Ces souris K. O. bêta2 produisent donc davantage d'os et en résorbent moins. De plus, après ovariectomie, alors que les souris normales (tout comme les femmes ménopausées) perdent de l'os, les souris K. O. bêta2 ne présentent pas de résorption osseuse accrue et conservent donc toute leur masse osseuse.
Cela signifie que le système nerveux sympathique (et la leptine) est nécessaire pour le développement de l'ostéoporose postménopausique. L'utilisation thérapeutique de ces résultats est justifiée par le fait que le système nerveux sympathique est un médiateur spécifique de la fonction régulatrice exercée par la leptine sur l'os, et n'intervient pas dans les autres fonctions cardinales de la leptine comme l'appétit et la reproduction.
Le système nerveux sympathique, par sa double fonction sur la formation et la résorption d'os, offre donc une cible idéale pour le développement pharmacologique visant à lutter contre l'ostéoporose. « Si un groupe pharmaceutique faisait l'important effort financier nécessaire au développement d'un inhibiteur des bêta 2-récepteurs agissant spécifiquement sur l'os (en modifiant, par exemple, les inhibiteurs actuels non spécifiques), cette compagnie disposerait presque assurément d'un médicament capable de prévenir l'ostéoporose », estimait le Pr Karsenty. « Il est également possible, a-t-il précisé , que ce traitement utilise des bêtabloquants génériques déjà sur le marché et vendus à moindre prix. »

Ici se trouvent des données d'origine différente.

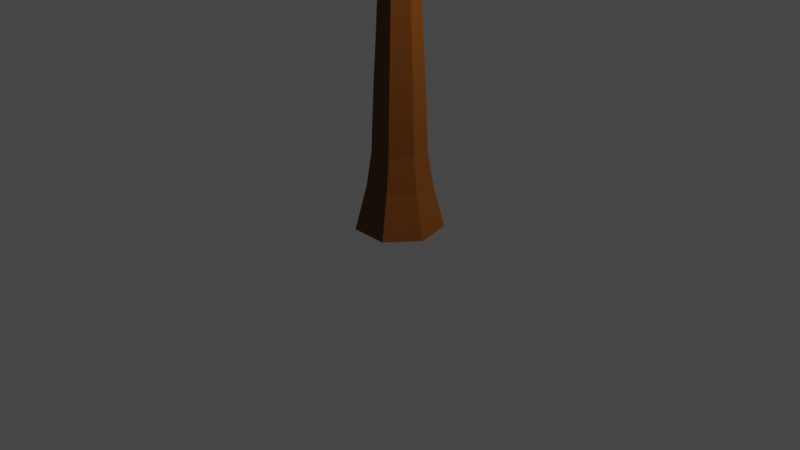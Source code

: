 # Source: tree_1.blend  (saved by Blender 2.90.8; exported with 4.5.12 LTS)
import bpy
from mathutils import Matrix  # noqa: F401  (used for matrix-valued properties, if any)

bpy.ops.wm.read_factory_settings(use_empty=True)
scene = bpy.context.scene
scene.name = 'Scene'

# ---- collections
col_scene = bpy.data.collections.new('Scene'); scene.collection.children.link(col_scene)
col_props = bpy.data.collections.new('Props'); scene.collection.children.link(col_props)

# ---- materials (node trees are filled in below, after node groups)
mat_material_005 = bpy.data.materials.new('Material.005')
mat_material_005.use_transparent_shadow = False
mat_material_004 = bpy.data.materials.new('Material.004')
mat_material_004.use_transparent_shadow = False

# ---- material node trees
mat_material_005.use_nodes = True; mat_material_005.node_tree.nodes.clear()
_N = mat_material_005.node_tree.nodes; _L = mat_material_005.node_tree.links
n0 = _N.new('ShaderNodeBsdfPrincipled'); n0.name = 'Principled BSDF'; n0.location = (10, 300)
n0.distribution = 'GGX'
n0.subsurface_method = 'BURLEY'
n0.inputs[0].default_value = (0.1473, 0.04098, 0.0, 1.0)
n0.inputs[3].default_value = 1.45
n0.inputs[27].default_value = (0.0, 0.0, 0.0, 1.0)
n0.inputs[28].default_value = 1.0
n1 = _N.new('ShaderNodeOutputMaterial'); n1.name = 'Material Output'; n1.location = (300, 300)
_L.new(n0.outputs[0], n1.inputs[0])
n1.is_active_output = True
mat_material_004.use_nodes = True; mat_material_004.node_tree.nodes.clear()
_N = mat_material_004.node_tree.nodes; _L = mat_material_004.node_tree.links
n0 = _N.new('ShaderNodeBsdfPrincipled'); n0.name = 'Principled BSDF'; n0.location = (10, 300)
n0.distribution = 'GGX'
n0.subsurface_method = 'BURLEY'
n0.inputs[0].default_value = (0.000866, 0.8, 0.0, 1.0)
n0.inputs[3].default_value = 1.45
n0.inputs[27].default_value = (0.0, 0.0, 0.0, 1.0)
n0.inputs[28].default_value = 1.0
n1 = _N.new('ShaderNodeOutputMaterial'); n1.name = 'Material Output'; n1.location = (300, 300)
_L.new(n0.outputs[0], n1.inputs[0])
n1.is_active_output = True

# ---- world
world_world = bpy.data.worlds.new('World'); scene.world = world_world
world_world.use_nodes = True; world_world.node_tree.nodes.clear()
_N = world_world.node_tree.nodes; _L = world_world.node_tree.links
n0 = _N.new('ShaderNodeOutputWorld'); n0.name = 'World Output'; n0.location = (300, 300)
n1 = _N.new('ShaderNodeBackground'); n1.name = 'Background'; n1.location = (10, 300)
n1.inputs[0].default_value = (0.05088, 0.05088, 0.05088, 1.0)
_L.new(n1.outputs[0], n0.inputs[0])
n0.is_active_output = True
world_world.color = (0.05088, 0.05088, 0.05088)
world_world.use_sun_shadow = False
world_world.sun_shadow_jitter_overblur = 0.0

# ---- cameras
cam_camera = bpy.data.cameras.new('Camera')
cam_camera.clip_end = 100.0
cam_camera.ortho_scale = 7.314

# ---- lights
light_light = bpy.data.lights.new('Light', 'POINT')
light_light.transmission_factor = 0.0
light_light.energy = 1000.0
light_light.shadow_soft_size = 0.1
light_light.shadow_maximum_resolution = 0.006
light_light.use_absolute_resolution = True

# ---- meshes
me_cylinder_001 = bpy.data.meshes.new('Cylinder.001')
me_cylinder_001.from_pydata([(5.714e-09, 0.4611, -1.0), (-6.778e-09, 0.1367, 0.9648), (0.3605, 0.2875, -1.0), (0.1069, 0.08526, 0.9648), (0.4495, -0.1026, -1.0), (0.1333, -0.03043, 0.9648), (0.2, -0.4154, -1.0), (0.05933, -0.1232, 0.9648), (-0.2, -0.4154, -1.0), (-0.05933, -0.1232, 0.9648), (-0.4495, -0.1026, -1.0), (-0.1333, -0.03043, 0.9648), (-0.3605, 0.2875, -1.0), (-0.1069, 0.08526, 0.9648), (-3.721e-09, 0.2107, 0.07745), (0.1648, 0.1314, 0.07745), (0.2054, -0.04689, 0.07745), (0.09143, -0.1899, 0.07745), (-0.09143, -0.1899, 0.07745), (-0.2054, -0.04689, 0.07745), (-0.1648, 0.1314, 0.07745), (-4.077e-09, 0.2013, 0.2383), (-4.445e-09, 0.1916, 0.4126), (-5.347e-09, 0.17, 0.604), (-6.22e-09, 0.1495, 0.7585), (-6.709e-09, 0.1383, 0.8723), (0.1081, 0.0862, 0.8723), (0.1168, 0.09318, 0.7585), (0.1329, 0.106, 0.604), (0.1498, 0.1195, 0.4126), (0.1574, 0.1255, 0.2383), (0.1348, -0.03076, 0.8723), (0.1457, -0.03326, 0.7585), (0.1657, -0.03782, 0.604), (0.1868, -0.04264, 0.4126), (0.1962, -0.04479, 0.2383), (0.05999, -0.1246, 0.8723), (0.06485, -0.1347, 0.7585), (0.07375, -0.1531, 0.604), (0.08313, -0.1726, 0.4126), (0.08733, -0.1813, 0.2383), (-0.05999, -0.1246, 0.8723), (-0.06485, -0.1347, 0.7585), (-0.07375, -0.1531, 0.604), (-0.08313, -0.1726, 0.4126), (-0.08733, -0.1813, 0.2383), (-0.1348, -0.03077, 0.8723), (-0.1457, -0.03326, 0.7585), (-0.1657, -0.03782, 0.604), (-0.1868, -0.04264, 0.4126), (-0.1962, -0.04479, 0.2383), (-0.1081, 0.0862, 0.8723), (-0.1168, 0.09318, 0.7585), (-0.1329, 0.106, 0.604), (-0.1498, 0.1195, 0.4126), (-0.1574, 0.1255, 0.2383), (0.1783, 0.1422, -0.08633), (0.195, 0.1555, -0.26), (0.2097, 0.1673, -0.4397), (0.2217, 0.1768, -0.6265), (0.2648, 0.2112, -0.79), (0.2223, -0.05074, -0.08633), (0.2432, -0.05551, -0.26), (0.2615, -0.05969, -0.4397), (0.2765, -0.06311, -0.6265), (0.3303, -0.07538, -0.79), (0.09894, -0.2054, -0.08633), (0.1082, -0.2248, -0.26), (0.1164, -0.2417, -0.4397), (0.1231, -0.2555, -0.6265), (0.147, -0.3052, -0.79), (-0.09894, -0.2054, -0.08633), (-0.1082, -0.2248, -0.26), (-0.1164, -0.2417, -0.4397), (-0.1231, -0.2555, -0.6265), (-0.147, -0.3052, -0.79), (-0.2223, -0.05074, -0.08633), (-0.2432, -0.05551, -0.26), (-0.2615, -0.05969, -0.4397), (-0.2765, -0.06311, -0.6265), (-0.3303, -0.07538, -0.79), (-0.1783, 0.1422, -0.08633), (-0.195, 0.1555, -0.26), (-0.2097, 0.1673, -0.4397), (-0.2217, 0.1768, -0.6265), (-0.2648, 0.2112, -0.79), (1.329e-09, 0.3387, -0.79), (-7.034e-10, 0.2836, -0.6265), (-1.364e-09, 0.2682, -0.4397), (-2.157e-09, 0.2495, -0.26), (-3.03e-09, 0.228, -0.08633), (0.4387, -0.2646, 0.3988), (0.4463, -0.2664, 0.259), (0.3556, -0.3689, 0.3988), (0.359, -0.3758, 0.259), (0.4387, -0.2646, 0.3988), (0.4463, -0.2664, 0.259), (0.3556, -0.3689, 0.3988), (0.359, -0.3758, 0.259), (0.5897, -0.3844, 0.3737), (0.6696, -0.4877, 0.2848), (0.5176, -0.4558, 0.378), (0.5938, -0.5626, 0.2894), (0.9164, -0.7128, 0.5166), (0.9824, -0.7319, 0.4143), (0.8629, -0.7992, 0.5133), (0.9261, -0.8227, 0.4109), (1.355, -1.025, 0.5786), (1.544, -1.072, 0.5186), (1.319, -1.119, 0.5712), (1.506, -1.171, 0.5109), (1.423, -1.071, 0.63), (1.612, -1.117, 0.5701), (1.387, -1.165, 0.6227), (1.574, -1.216, 0.5624), (-0.7352, 0.2194, 0.4122), (-0.8305, 0.08369, 0.3072), (-0.7412, 0.3273, 0.3852), (-0.8367, 0.197, 0.2788), (-1.262, 0.3431, 0.4488), (-1.348, 0.175, 0.3951), (-1.31, 0.4173, 0.4273), (-1.413, 0.2649, 0.3633), (-1.476, 0.3115, 0.513), (-1.55, 0.1953, 0.4661), (-1.512, 0.3667, 0.4969), (-1.588, 0.2533, 0.4493), (-1.894, 0.2655, 0.6742), (-1.968, 0.1493, 0.6274), (-1.93, 0.3207, 0.6582), (-2.006, 0.2073, 0.6106), (0.2015, 0.5608, 0.4462), (0.2015, 0.5447, 0.5884), (0.3002, 0.4971, 0.5884), (0.3128, 0.5071, 0.4462), (0.3161, 0.8321, 0.4558), (0.325, 0.7667, 0.595), (0.4255, 0.7238, 0.5907), (0.4293, 0.7838, 0.4509), (0.5326, 1.29, 0.5084), (0.5402, 1.234, 0.6272), (0.6259, 1.198, 0.6235), (0.6293, 1.249, 0.5042), (0.6609, 1.702, 0.7328), (0.6666, 1.66, 0.8207), (0.73, 1.633, 0.8179), (0.7324, 1.671, 0.7297), (0.7679, 1.941, 0.7547), (0.7735, 1.9, 0.8426), (0.8369, 1.873, 0.8398), (0.8393, 1.911, 0.7516), (-0.2492, -0.5504, 0.5629), (-0.2555, -0.5635, 0.4347), (-0.3108, -0.4732, 0.5629), (-0.3249, -0.4764, 0.4347), (-0.4575, -0.8402, 0.671), (-0.4987, -0.9466, 0.5489), (-0.5206, -0.7621, 0.6623), (-0.5697, -0.8586, 0.5392), (-0.5961, -1.164, 0.7025), (-0.6249, -1.239, 0.6169), (-0.6403, -1.109, 0.6964), (-0.6747, -1.177, 0.6101), (-0.8983, -1.335, 0.7359), (-0.9052, -1.432, 0.7001), (-0.9277, -1.313, 0.7253), (-0.9384, -1.406, 0.6881), (-1.312, -1.557, 0.877), (-1.319, -1.653, 0.8412), (-1.342, -1.534, 0.8663), (-1.353, -1.628, 0.8292)], [], [(25, 1, 3, 26), (26, 3, 5, 31), (31, 5, 7, 36), (36, 7, 9, 41), (41, 9, 11, 46), (3, 1, 13, 11, 9, 7, 5), (46, 11, 13, 51), (51, 13, 1, 25), (0, 2, 4, 6, 8, 10, 12), (81, 20, 14, 90), (76, 19, 20, 81), (71, 18, 19, 76), (66, 17, 18, 71), (61, 16, 17, 66), (56, 15, 16, 61), (90, 14, 15, 56), (20, 55, 21, 14), (55, 54, 22, 21), (54, 53, 23, 22), (53, 52, 24, 23), (52, 51, 25, 24), (19, 50, 55, 20), (54, 55, 118, 117), (49, 48, 53, 54), (48, 47, 52, 53), (47, 46, 51, 52), (18, 45, 50, 19), (45, 44, 49, 50), (43, 48, 153, 151), (43, 42, 47, 48), (42, 41, 46, 47), (17, 40, 45, 18), (40, 39, 44, 45), (39, 38, 43, 44), (38, 37, 42, 43), (37, 36, 41, 42), (16, 35, 40, 17), (40, 35, 92, 94), (34, 33, 38, 39), (33, 32, 37, 38), (32, 31, 36, 37), (15, 30, 35, 16), (30, 29, 34, 35), (29, 28, 33, 34), (28, 27, 32, 33), (27, 26, 31, 32), (14, 21, 30, 15), (21, 22, 29, 30), (22, 23, 132, 131), (23, 24, 27, 28), (24, 25, 26, 27), (0, 86, 60, 2), (86, 87, 59, 60), (87, 88, 58, 59), (88, 89, 57, 58), (89, 90, 56, 57), (2, 60, 65, 4), (60, 59, 64, 65), (59, 58, 63, 64), (58, 57, 62, 63), (57, 56, 61, 62), (4, 65, 70, 6), (65, 64, 69, 70), (64, 63, 68, 69), (63, 62, 67, 68), (62, 61, 66, 67), (6, 70, 75, 8), (70, 69, 74, 75), (69, 68, 73, 74), (68, 67, 72, 73), (67, 66, 71, 72), (8, 75, 80, 10), (75, 74, 79, 80), (74, 73, 78, 79), (73, 72, 77, 78), (72, 71, 76, 77), (10, 80, 85, 12), (80, 79, 84, 85), (79, 78, 83, 84), (78, 77, 82, 83), (77, 76, 81, 82), (12, 85, 86, 0), (85, 84, 87, 86), (84, 83, 88, 87), (83, 82, 89, 88), (82, 81, 90, 89), (91, 93, 97, 95), (35, 34, 91, 92), (34, 39, 93, 91), (39, 40, 94, 93), (98, 96, 100, 102), (93, 94, 98, 97), (94, 92, 96, 98), (92, 91, 95, 96), (102, 100, 104, 106), (96, 95, 99, 100), (95, 97, 101, 99), (97, 98, 102, 101), (103, 105, 109, 107), (100, 99, 103, 104), (99, 101, 105, 103), (101, 102, 106, 105), (110, 108, 112, 114), (105, 106, 110, 109), (106, 104, 108, 110), (104, 103, 107, 108), (112, 111, 113, 114), (108, 107, 111, 112), (107, 109, 113, 111), (109, 110, 114, 113), (115, 117, 121, 119), (49, 54, 117, 115), (50, 49, 115, 116), (55, 50, 116, 118), (122, 120, 124, 126), (117, 118, 122, 121), (118, 116, 120, 122), (116, 115, 119, 120), (124, 123, 127, 128), (120, 119, 123, 124), (119, 121, 125, 123), (121, 122, 126, 125), (128, 127, 129, 130), (123, 125, 129, 127), (125, 126, 130, 129), (126, 124, 128, 130), (134, 131, 135, 138), (29, 22, 131, 134), (23, 28, 133, 132), (28, 29, 134, 133), (136, 137, 141, 140), (131, 132, 136, 135), (132, 133, 137, 136), (133, 134, 138, 137), (141, 142, 146, 145), (137, 138, 142, 141), (138, 135, 139, 142), (135, 136, 140, 139), (146, 143, 147, 150), (142, 139, 143, 146), (139, 140, 144, 143), (140, 141, 145, 144), (147, 148, 149, 150), (143, 144, 148, 147), (144, 145, 149, 148), (145, 146, 150, 149), (154, 152, 156, 158), (44, 43, 151, 152), (48, 49, 154, 153), (49, 44, 152, 154), (155, 157, 161, 159), (152, 151, 155, 156), (151, 153, 157, 155), (153, 154, 158, 157), (162, 160, 164, 166), (157, 158, 162, 161), (158, 156, 160, 162), (156, 155, 159, 160), (166, 164, 168, 170), (160, 159, 163, 164), (159, 161, 165, 163), (161, 162, 166, 165), (168, 167, 169, 170), (164, 163, 167, 168), (163, 165, 169, 167), (165, 166, 170, 169)])
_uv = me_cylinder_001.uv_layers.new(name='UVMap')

Au niveau moléculaire, le système sympathique (et la leptine) favorise la résorption d'os en augmentant dans les progéniteurs ostéoblastiques, grâce à l'action d'un facteur de transcription présent seulement dans les ostéoblastes, l'expression du facteur Rankl, lequel induit la différenciation des ostéoclastes. L'utilisation d'un facteur de transcription spécifique aux ostéoblastes explique en partie la spécificité d'action des bêtabloquants.
Une horloge moléculaire dans l'os.
Les chercheurs ont aussi montré que la leptine inhibe la résorption osseuse, par l'intermédiaire du neuropeptide Cart produit dans l'hypothalamus, qui induirait dans les ostéoblastes une baisse du signal Rankl.
L'étude parue en septembre, dans la revue « Cell », élucide le mécanisme moléculaire de l'action antiostéogénique de la leptine : cette action est médiée par une horloge moléculaire dans les ostéoblastes.
A la recherche d'une régulation circadienne du remodelage osseux, l'équipe a étudié des souris déficientes en gènes d'horloge. Leurs expériences ont indiqué que les gènes d'horloge sont exprimés dans les ostéoblastes et qu'ils inhibent, sous le contrôle de la leptine et du signal sympathique, la formation d'os. Les gènes d'horloge inhibent la prolifération des ostéoblastes en inhibant l'expression de c-myc, ce qui supprime l'expression des cyclines G1 (cycline D1) contrôlant la transition du cycle cellulaire de la phase G1 à la phase S.
Enfin, une observation discordante a permis aux chercheurs de découvrir que la leptine, via le sympathique, stimule aussi modérément la formation d'os en activant dans les ostéoblastes la famille AP-1 des facteurs de transcription. Ceux-ci favorisent l'expression des mêmes régulateurs du cycle cellulaire (cycline D1) qui étaient inhibés par les gènes d'horloge.
Au total, la leptine régule donc, via le cerveau, les deux aspects du remodelage osseux (résorption et formation) en agissant sur chacun par un double mécanisme antagoniste.
Pour G. Karsenty, il est possible que la régulation du remodelage osseux ait été la fonction ancestrale de la leptine. Cette hypothèse s'appuie sur plusieurs arguments : la capacité de la leptine à réguler puissamment les deux aspects du remodelage osseux, la spécificité d'action de ses médiateurs, enfin le fait que la leptine, contrairement aux autres hormones régulant l'appétit et le poids, apparaît durant l'évolution des vertébrés, donc en même temps que le remodelage osseux, et pas antérieurement.